Search code examples
javaapache-kafka-streamsconfluent-cloud

Can I compress intermediate topic (state store) used by KafkaStream in Kafka via producer settings?


I am working with a kafka cluster hosted in Confluent Cloud.

As per https://docs.confluent.io/cloud/current/client-apps/optimizing/throughput.html#compression, Confluent Cloud enforces compression.type=producer.

I want to compress both the internal *-changelog and output topics.

This question is similar to Can I compress intermediate topic (state store) used by KafkaStream in Kafka, but the accepted solution is not valid for me, as the topic setting can't be changed in Confluent Cloud.

I have tried to set producer.compression.type=lz4 in my KStreams app, but I don't see a significant change in the bytes retained in the topic.

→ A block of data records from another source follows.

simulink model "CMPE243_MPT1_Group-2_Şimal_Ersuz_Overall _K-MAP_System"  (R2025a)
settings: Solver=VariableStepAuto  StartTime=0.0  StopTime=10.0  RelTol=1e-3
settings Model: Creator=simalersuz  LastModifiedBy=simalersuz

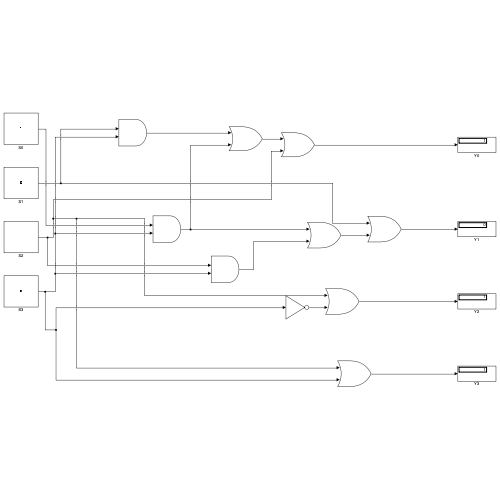
[thumbnail: Simulink's stored preview of the top-level diagram]
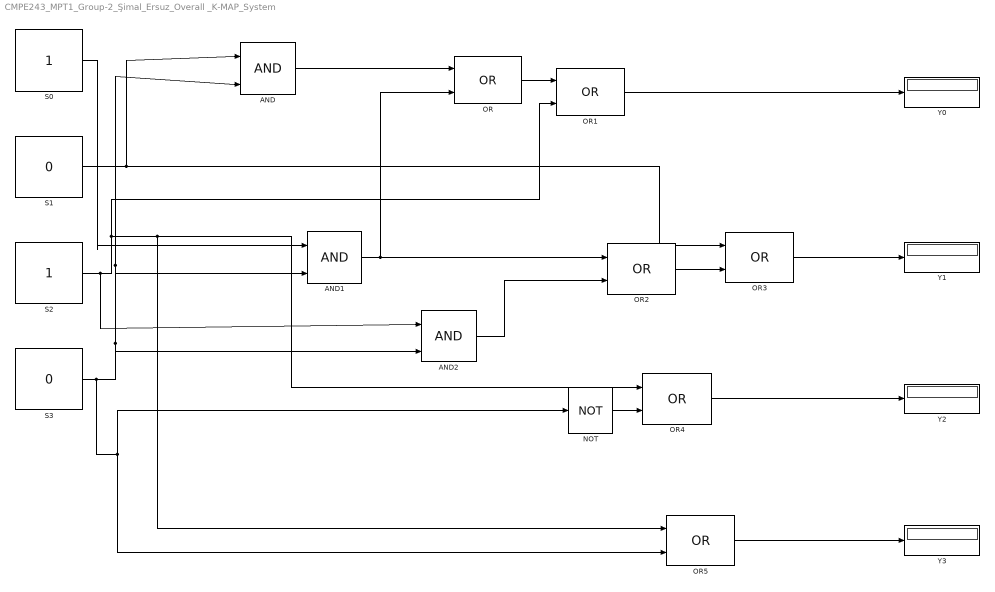
== system CMPE243_MPT1_Group-2_Şimal_Ersuz_Overall _K-MAP_System ==
  AND : Logic  IconShape=distinctive  AllPortsSameDT=off  OutDataTypeStr=boolean
  AND1 : Logic  IconShape=distinctive  AllPortsSameDT=off  OutDataTypeStr=boolean
  AND2 : Logic  IconShape=distinctive  AllPortsSameDT=off  OutDataTypeStr=boolean
  NOT : Logic  Operator=NOT  IconShape=distinctive  AllPortsSameDT=off  OutDataTypeStr=boolean
  OR{,1..5} (6 alike) : Logic  Operator=OR  IconShape=distinctive  AllPortsSameDT=off  OutDataTypeStr=boolean
  S0 : Constant
  S1 : Constant  Value=0
  S2 : Constant
  S3 : Constant  Value=0
  Y{0..3} (4 alike) : Display
  wires:
  S3/1 -> OR5/2, NOT/1, AND1/2, AND/2, AND2/2
  S1/1 -> AND/1, OR3/1
  S0/1 -> AND1/1
  AND/1 -> OR/1
  AND1/1 -> OR/2, OR2/1
  S2/1 -> AND2/1, OR1/2, OR5/1, OR4/1
  OR/1 -> OR1/1
  AND2/1 -> OR2/2
  OR2/1 -> OR3/2
  NOT/1 -> OR4/2
  OR5/1 -> Y3/1
  OR4/1 -> Y2/1
  OR3/1 -> Y1/1
  OR1/1 -> Y0/1

The setting seemed to work when I tried with a local docker broker (the topics on the file system were smaller), but it doesn't seem to make a difference in the retained_bytes metric available from Confluent Cloud.

Is there a good way to validate that this is effectively compressing the messages?


Solution

  • So, it turns out setting compression.type=producer is enough for compressing the *-changelog topics. The amount of data in our testing environment was too small for the retained_bytes stats to show the compression, but it became apparent when we applied on an environment with more volume.